▶ [Exercise]: From the records that follow, copy every line in which "arial" appears.

Start of Block

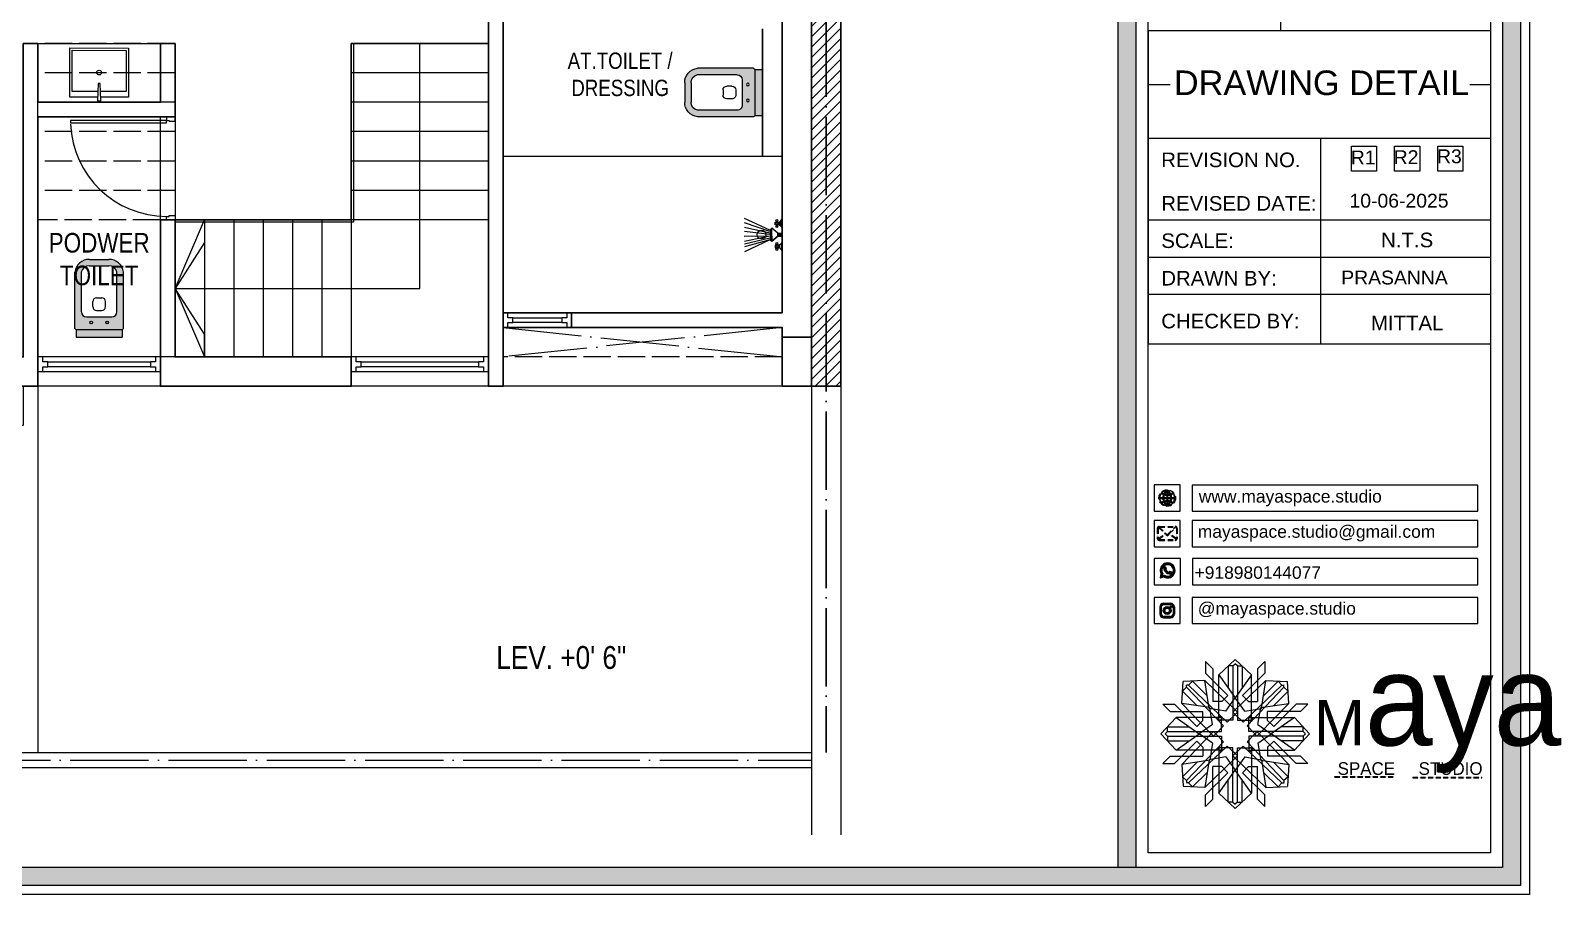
# Model space of a CAD drawing. Header units: millimetres. Extents: x 56222 to 154462, y -172610 to -121287.
# Drawn here: x 152194.4 to 152663.4, y -170543.8 to -170279.1 of the extents above; entities that cross this region are included whole.
import ezdxf
from ezdxf.enums import TextEntityAlignment as Align

# ---------------------------------------------------------------- set-up
doc = ezdxf.new("R2010")
doc.units = ezdxf.units.MM
doc.header["$MEASUREMENT"] = 0
for name, pattern in [('ACAD_ISO02W100', [15, 12, -3]), ('ACAD_ISO04W100', [30, 24, -3, 0, -3]), ('DASHEDX2', [1.5, 1, -0.5])]:
    doc.linetypes.add(name, pattern=pattern)
for name, color, linetype in [('AR DOOR', 40, 'Continuous'), ('AR ELE-5', 134, 'Continuous'), ('GROUND FLOOR  ( Text )', 251, 'Continuous')]:
    doc.layers.add(name, color=color, linetype=linetype)
for name, color, linetype, lineweight in [('COLUMN', 1, 'Continuous', 30), ('Dimension', 10, 'DASHEDX2', 20), ('FURNITURE', 34, 'Continuous', 9), ('GROUND FLOOR', 7, 'Continuous', 9), ('GROUND FLOOR  ( HATCH )', 251, 'Continuous', 9), ('GROUND FLOOR  ( PLINE )', 251, 'Continuous', 30), ('GROUND FLOOR ( DW_RAIL )', 7, 'Continuous', 9), ('GROUND FLOOR ( STAIR )', 251, 'Continuous', 9), ('NAME PLATE', 7, 'Continuous', 25), ('UTILITY', 48, 'Continuous', 9), ('X_PLOT', 1, 'Continuous', 9)]:
    doc.layers.add(name, color=color, linetype=linetype, lineweight=lineweight)
doc.layers.add('XX~SLAB ( PLINE )', color=251, linetype='Continuous', plot=False)
doc.styles.add('Arial', font='arial.ttf')
doc.styles.add("Cn_BT_0'-0", font='swissc.ttf')
doc.styles.get("Standard").update_dxf_attribs({"font": 'arial.ttf', "height": 6})

# ---------------------------------------------------------------- blocks, each defined once
blk = doc.blocks.new('FSFSF')
at = {"color": 42, "lineweight": 5, "true_color": 0xe0ac11}
for p, q in [((28600.03, 143.51), (28600.03, 140.16)), ((28602.15, 141.41), (28600.03, 143.51)), ((28602.15, 141.41), (28602.15, 131.95)), ((28603.86, 139.69), (28608.58, 144.08)), ((28607.9, 142.22), (28606.58, 142.22)), ((28606.58, 142.22), (28606.58, 135.84)), ((28607.9, 142.22), (28608.58, 142.85)), ((28607.9, 142.22), (28607.9, 126.58)), ((28613.31, 139.69), (28608.58, 144.08)), ((28609.27, 142.22), (28608.59, 142.85)), ((28609.27, 142.22), (28609.27, 126.58)), ((28609.27, 142.22), (28610.59, 142.22)), ((28610.59, 142.22), (28610.59, 135.84)), ((28615.02, 141.41), (28617.14, 143.51)), ((28615.02, 141.41), (28615.02, 131.95)), ((28617.14, 143.51), (28617.14, 140.16)), ((28593.19, 131.45), (28593.54, 137.71)), ((28599.8, 138.06), (28593.54, 137.71)), ((28596.24, 137.86), (28595.12, 136.69)), ((28596.24, 137.86), (28600.47, 133.65)), ((28601.03, 130), (28599.8, 138.06)), ((28599.8, 138.05), (28608.58, 129.56)), ((28606.47, 133.76), (28600.03, 140.16)), ((28603.86, 126.58), (28603.86, 139.69)), ((28603.86, 139.69), (28608.58, 133.02)), ((28613.31, 139.69), (28608.59, 133.02)), ((28617.37, 138.05), (28608.59, 129.56)), ((28610.7, 133.76), (28617.14, 140.16)), ((28613.31, 126.58), (28613.31, 139.69)), ((28616.14, 130), (28617.37, 138.06)), ((28620.93, 137.86), (28616.7, 133.65)), ((28617.37, 138.06), (28623.63, 137.71)), ((28620.93, 137.86), (28622.05, 136.69)), ((28624, 131.45), (28623.65, 137.71)), ((28593.39, 135), (28594.56, 136.12)), ((28593.39, 135), (28597.6, 130.78)), ((28595.12, 136.69), (28594.53, 136.69)), ((28594.56, 136.12), (28594.56, 136.71)), ((28605.17, 124.98), (28594.56, 136.12)), ((28606.27, 126.08), (28595.12, 136.69)), ((28606.47, 133.76), (28604.75, 131.95)), ((28605.86, 129.18), (28608.58, 133.02)), ((28611.31, 129.18), (28608.59, 133.02)), ((28610.7, 133.76), (28612.42, 131.95)), ((28610.9, 126.08), (28622.05, 136.69)), ((28612.02, 124.98), (28622.62, 136.12)), ((28623.8, 135), (28619.59, 130.78)), ((28622.05, 136.69), (28622.64, 136.69)), ((28622.62, 136.12), (28622.62, 136.71)), ((28623.8, 135), (28622.62, 136.12)), ((28587.73, 131.22), (28591.08, 131.22)), ((28589.84, 129.1), (28587.73, 131.22)), ((28589.84, 129.1), (28599.29, 129.1)), ((28597.49, 124.78), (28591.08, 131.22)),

End of Block

▶ [Output of the exercise]:
doc.styles.add('Arial', font='arial.ttf')
doc.styles.get("Standard").update_dxf_attribs({"font": 'arial.ttf', "height": 6})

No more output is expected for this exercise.